START INFORMATION SHOWN

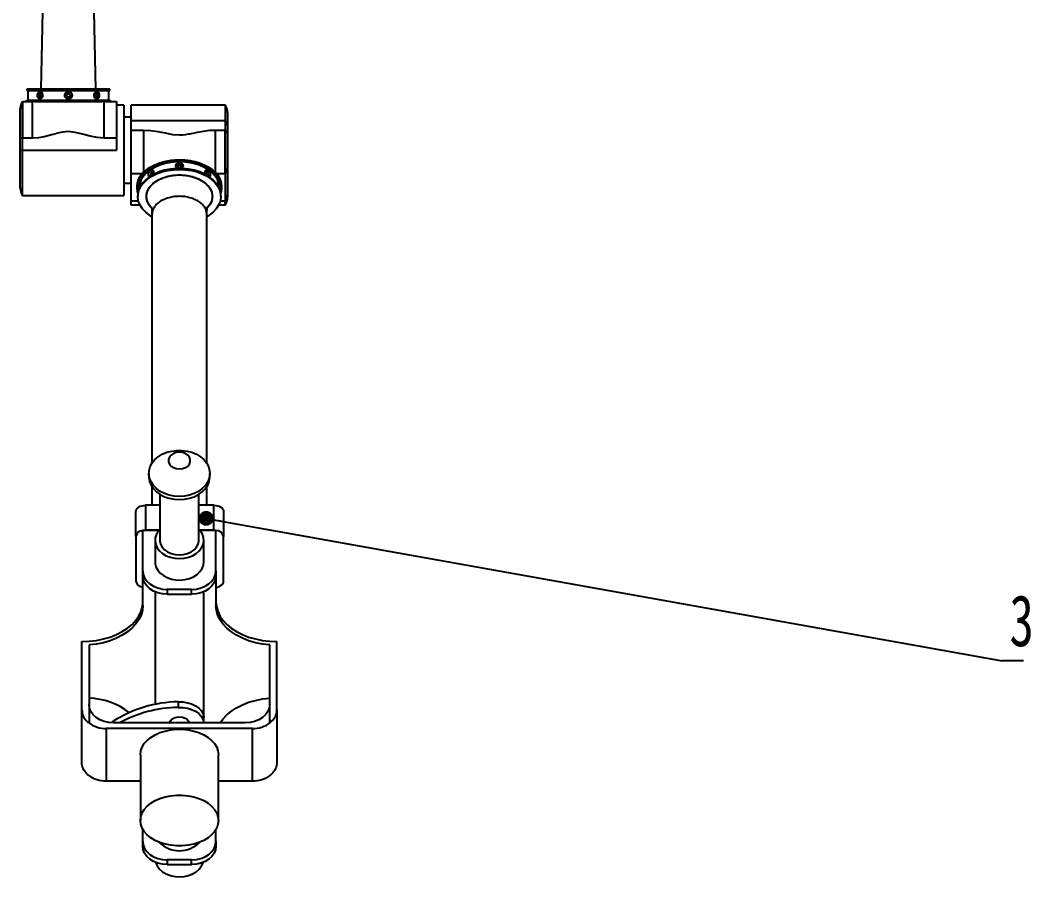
# Model space of a CAD drawing. Header units: millimetres. Extents: x 0 to 297, y 0 to 210.
# Drawn here: x 143.5 to 212.6, y 76.3 to 134.9 of the extents above; entities that cross this region are included whole.
import ezdxf

# ---------------------------------------------------------------- set-up
doc = ezdxf.new("R2010")
doc.units = ezdxf.units.MM
doc.layers.add('图框', color=7, linetype='Continuous')
doc.styles.add('SLDTEXTSTYLE5', font='TXT', dxfattribs={"width": 0.7})
doc.dimstyles.new('SLDDIMSTYLE0', dxfattribs={"dimtxt": 0.18, "dimasz": 1.016, "dimexe": 0, "dimexo": 0.0625, "dimgap": 0, "dimtad": 0, "dimtih": 1, "dimtoh": 1, "dimdec": 0, "dimrnd": 1e-09, "dimzin": 0, "dimdsep": 46, "dimtxsty": 'Standard', "dimblk1": 'DOT', "dimblk2": 'DOT', "dimsah": 1, "dimcen": 0.09, "dimadec": 0, "dimazin": 0, "dimtfac": 1.016, "dimtdec": 0, "dimtofl": 0, "dimtmove": 0, "dimatfit": 3, "dimldrblk": 'DOT', "dimfxl": 1, "dimfrac": 2, "dimtolj": 1, "dimtzin": 0, "dimarcsym": 0})

# ---------------------------------------------------------------- blocks, each defined once
blk = doc.blocks.new('SW_NOTE_0_2')
at = {"layer": '图框', "color": 0}
blk.add_line((1.459, 0), (0, 0), dxfattribs=at)
at = {"layer": '图框', "color": 0, "insert": (0.5, 4.499), "char_height": 3.5, "attachment_point": 1, "style": 'SLDTEXTSTYLE5'}
blk.add_mtext('3', dxfattribs=at)
blk = doc.blocks.new('_Dot')
at = {"color": 0, "linetype": 'ByBlock', "lineweight": -2}
blk.add_line((-0.5, 0), (-1, 0), dxfattribs=at)
at = {"color": 0, "linetype": 'ByBlock', "const_width": 0.5}
blk.add_lwpolyline([(-0.25, 0, 1), (0.25, 0, 1)], format="xyb", close=True, dxfattribs=at)

msp = doc.modelspace()

# ---------------------------------------------------------------- linework, layer by layer
at = {"color": 7, "linetype": 'Continuous', "lineweight": 25}
for p, q in [((145.339, 149.735), (144.947, 130.151)), ((148.697, 130.151), (148.305, 149.735)), ((143.989, 130.151), (143.989, 130.068)), ((146.822, 130.151), (143.989, 130.151)), ((143.989, 130.068), (149.655, 130.068)), ((144.072, 130.068), (144.072, 129.982)), ((149.655, 130.151), (146.822, 130.151)), ((149.572, 129.982), (149.572, 130.068)), ((149.655, 130.068), (149.655, 130.151)), ((143.697, 129.318), (144.273, 129.318)), ((143.989, 129.401), (144.345, 129.401)), ((144.072, 129.485), (144.072, 129.401)), ((144.345, 129.401), (144.434, 129.392)), ((144.345, 129.401), (149.299, 129.401)), ((149.21, 129.392), (149.299, 129.401)), ((149.299, 129.401), (149.655, 129.401)), ((149.372, 129.318), (150.114, 129.318)), ((149.572, 129.401), (149.572, 129.485)), ((150.614, 129.068), (150.114, 129.068)), ((150.614, 129.068), (150.614, 122.901)), ((157.53, 129.068), (151.114, 129.068)), ((151.114, 127.996), (151.114, 129.068)), ((157.53, 129.068), (157.53, 127.996)), ((157.53, 129.068), (157.53, 127.996)), ((157.697, 128.568), (157.697, 127.67)), ((151.114, 128.235), (150.614, 128.235)), ((157.53, 127.996), (151.114, 127.996)), ((151.114, 127.364), (151.114, 127.996)), ((157.53, 127.996), (157.53, 127.364)), ((157.53, 127.996), (157.53, 127.364)), ((151.114, 127.364), (151.952, 127.364)), ((156.859, 127.364), (157.53, 127.364)), ((157.697, 127.67), (157.697, 127.038)), ((143.53, 125.985), (143.53, 126.818)), ((143.697, 125.985), (143.697, 126.818)), ((144.368, 126.818), (143.697, 126.818)), ((143.697, 125.985), (143.697, 126.818)), ((150.114, 126.818), (149.276, 126.818)), ((150.114, 126.818), (150.114, 125.985)), ((143.53, 125.985), (143.697, 125.985)), ((143.53, 123.401), (143.53, 125.985)), ((143.697, 122.901), (143.697, 125.985)), ((143.697, 125.985), (150.114, 125.985)), ((143.697, 122.901), (143.697, 125.985)), ((151.856, 124.382), (151.114, 124.382)), ((151.114, 122.534), (151.114, 124.382)), ((152.017, 124.397), (151.929, 124.293)), ((152.49, 124.276), (152.493, 124.253)), ((156.882, 124.293), (156.794, 124.397)), ((157.53, 124.382), (156.955, 124.382)), ((157.53, 124.382), (157.53, 122.534)), ((157.53, 124.382), (157.53, 122.534)), ((157.697, 124.761), (157.697, 122.913)), ((150.614, 123.735), (151.114, 123.735)), ((152.402, 124.218), (152.404, 124.194)), ((143.697, 122.901), (150.614, 122.901)), ((151.572, 122.89), (151.572, 122.826)), ((151.655, 123.395), (151.655, 123.335)), ((157.155, 123.335), (157.155, 123.395)), ((157.239, 122.826), (157.239, 122.89)), ((151.114, 122.534), (151.623, 122.534)), ((151.114, 122.245), (151.741, 122.245)), ((157.065, 122.245), (157.53, 122.245)), ((157.2, 122.534), (157.53, 122.534)), ((152.53, 121.612), (152.53, 104.59)), ((156.28, 104.59), (156.28, 121.612)), ((152.322, 103.901), (152.322, 103.684)), ((156.489, 103.684), (156.489, 103.901)), ((152.53, 102.995), (152.53, 101.721)), ((156.28, 101.721), (156.28, 102.996)), ((153.072, 102.47), (153.072, 99.335)), ((155.739, 99.335), (155.739, 102.47)), ((152.095, 101.721), (152.095, 100.015)), ((153.072, 101.721), (152.095, 101.721)), ((156.761, 101.721), (155.739, 101.721)), ((156.761, 100.015), (156.761, 101.721)), ((151.428, 99.581), (151.428, 101.286)), ((157.428, 101.286), (157.428, 99.581)), ((151.428, 99.581), (151.428, 96.537)), ((151.905, 100.015), (153.001, 100.015)), ((151.905, 97.236), (151.905, 100.015)), ((153.001, 100.015), (152.095, 100.015)), ((156.761, 100.015), (155.81, 100.015)), ((155.81, 100.015), (156.905, 100.015)), ((156.905, 97.236), (156.905, 100.015)), ((157.428, 96.537), (157.428, 99.581)), ((152.739, 99.335), (152.739, 97.868)), ((156.072, 97.868), (156.072, 99.335)), ((151.905, 96.91), (151.905, 97.236)), ((151.905, 94.871), (151.905, 96.91)), ((156.905, 97.236), (156.905, 96.91)), ((156.905, 96.91), (156.905, 94.871)), ((155.239, 95.973), (153.572, 95.973)), ((153.572, 95.973), (153.572, 95.647)), ((155.239, 95.647), (155.239, 95.973)), ((152.739, 95.816), (152.739, 88.105)), ((153.572, 95.647), (155.239, 95.647)), ((156.072, 87.209), (156.072, 95.816)), ((147.739, 87.731), (147.739, 92.406)), ((148.239, 92.173), (148.239, 86.867)), ((160.572, 86.867), (160.572, 92.173)), ((161.072, 87.731), (161.072, 92.406)), ((147.739, 84.144), (147.739, 87.731)), ((154.314, 88.286), (154.314, 87.907)), ((161.072, 87.731), (161.072, 84.144)), ((156.072, 86.847), (156.072, 87.201)), ((148.215, 86.865), (148.215, 86.847)), ((148.239, 86.847), (148.215, 86.847)), ((148.239, 86.847), (148.239, 86.867)), ((149.405, 86.468), (149.405, 82.881)), ((159.405, 86.468), (149.405, 86.468)), ((149.839, 86.912), (149.839, 86.848)), ((149.862, 86.95), (149.862, 86.848)), ((158.905, 86.847), (149.905, 86.847)), ((159.405, 82.881), (159.405, 86.468)), ((160.572, 86.867), (160.572, 86.847)), ((160.596, 86.847), (160.572, 86.847)), ((160.596, 86.847), (160.596, 86.865)), ((151.739, 84.674), (151.739, 80.177)), ((157.072, 80.177), (157.072, 84.674)), ((148.215, 83.26), (148.215, 83.242)), ((148.239, 83.24), (148.239, 83.242)), ((149.405, 82.881), (151.739, 82.881)), ((157.072, 82.881), (159.405, 82.881)), ((160.572, 83.242), (160.572, 83.24)), ((160.596, 83.242), (160.596, 83.26)), ((151.905, 78.755), (151.905, 79.572)), ((156.905, 78.755), (156.905, 79.572)), ((151.905, 78.429), (151.905, 78.755)), ((156.905, 78.755), (156.905, 78.429)), ((155.239, 77.492), (153.572, 77.492)), ((153.572, 77.492), (153.572, 77.166)), ((155.239, 77.166), (155.239, 77.492)), ((153.572, 77.166), (155.239, 77.166))]:
    msp.add_line(p, q, dxfattribs=at)
at = {"color": 7, "linetype": 'Continuous', "lineweight": 25, "flags": 128}
for points in [[(145.044, 129.839), (145.029, 129.85), (144.995, 129.86), (144.962, 129.85), (144.933, 129.823), (144.914, 129.783), (144.907, 129.735), (144.914, 129.687), (144.933, 129.646), (144.962, 129.619), (144.995, 129.61), (145.029, 129.619), (145.043, 129.629)], [(148.737, 129.735), (148.73, 129.783), (148.711, 129.823), (148.683, 129.85), (148.649, 129.86), (148.615, 129.85), (148.598, 129.837)], [(148.601, 129.63), (148.615, 129.619), (148.649, 129.61), (148.683, 129.619), (148.711, 129.646), (148.73, 129.687), (148.737, 129.735)], [(149.276, 126.818), (148.777, 126.853), (148.301, 126.945), (147.793, 127.081), (147.294, 127.207), (146.808, 127.258), (146.62, 127.248), (146.414, 127.219), (146.192, 127.172), (146.106, 127.151), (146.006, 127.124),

END INFORMATION SHOWN

*WHAT YOU WILL DO*:
After locating the line with "blk = doc.blocks.new('SW_NOTE_0_2')" in the material above, return it and each line after it exactly, ending at the line with "blk = doc.blocks.new('_Dot')".

*REPLY TO THE TASK*:
blk = doc.blocks.new('SW_NOTE_0_2')
at = {"layer": '图框', "color": 0}
blk.add_line((1.459, 0), (0, 0), dxfattribs=at)
at = {"layer": '图框', "color": 0, "insert": (0.5, 4.499), "char_height": 3.5, "attachment_point": 1, "style": 'SLDTEXTSTYLE5'}
blk.add_mtext('3', dxfattribs=at)
blk = doc.blocks.new('_Dot')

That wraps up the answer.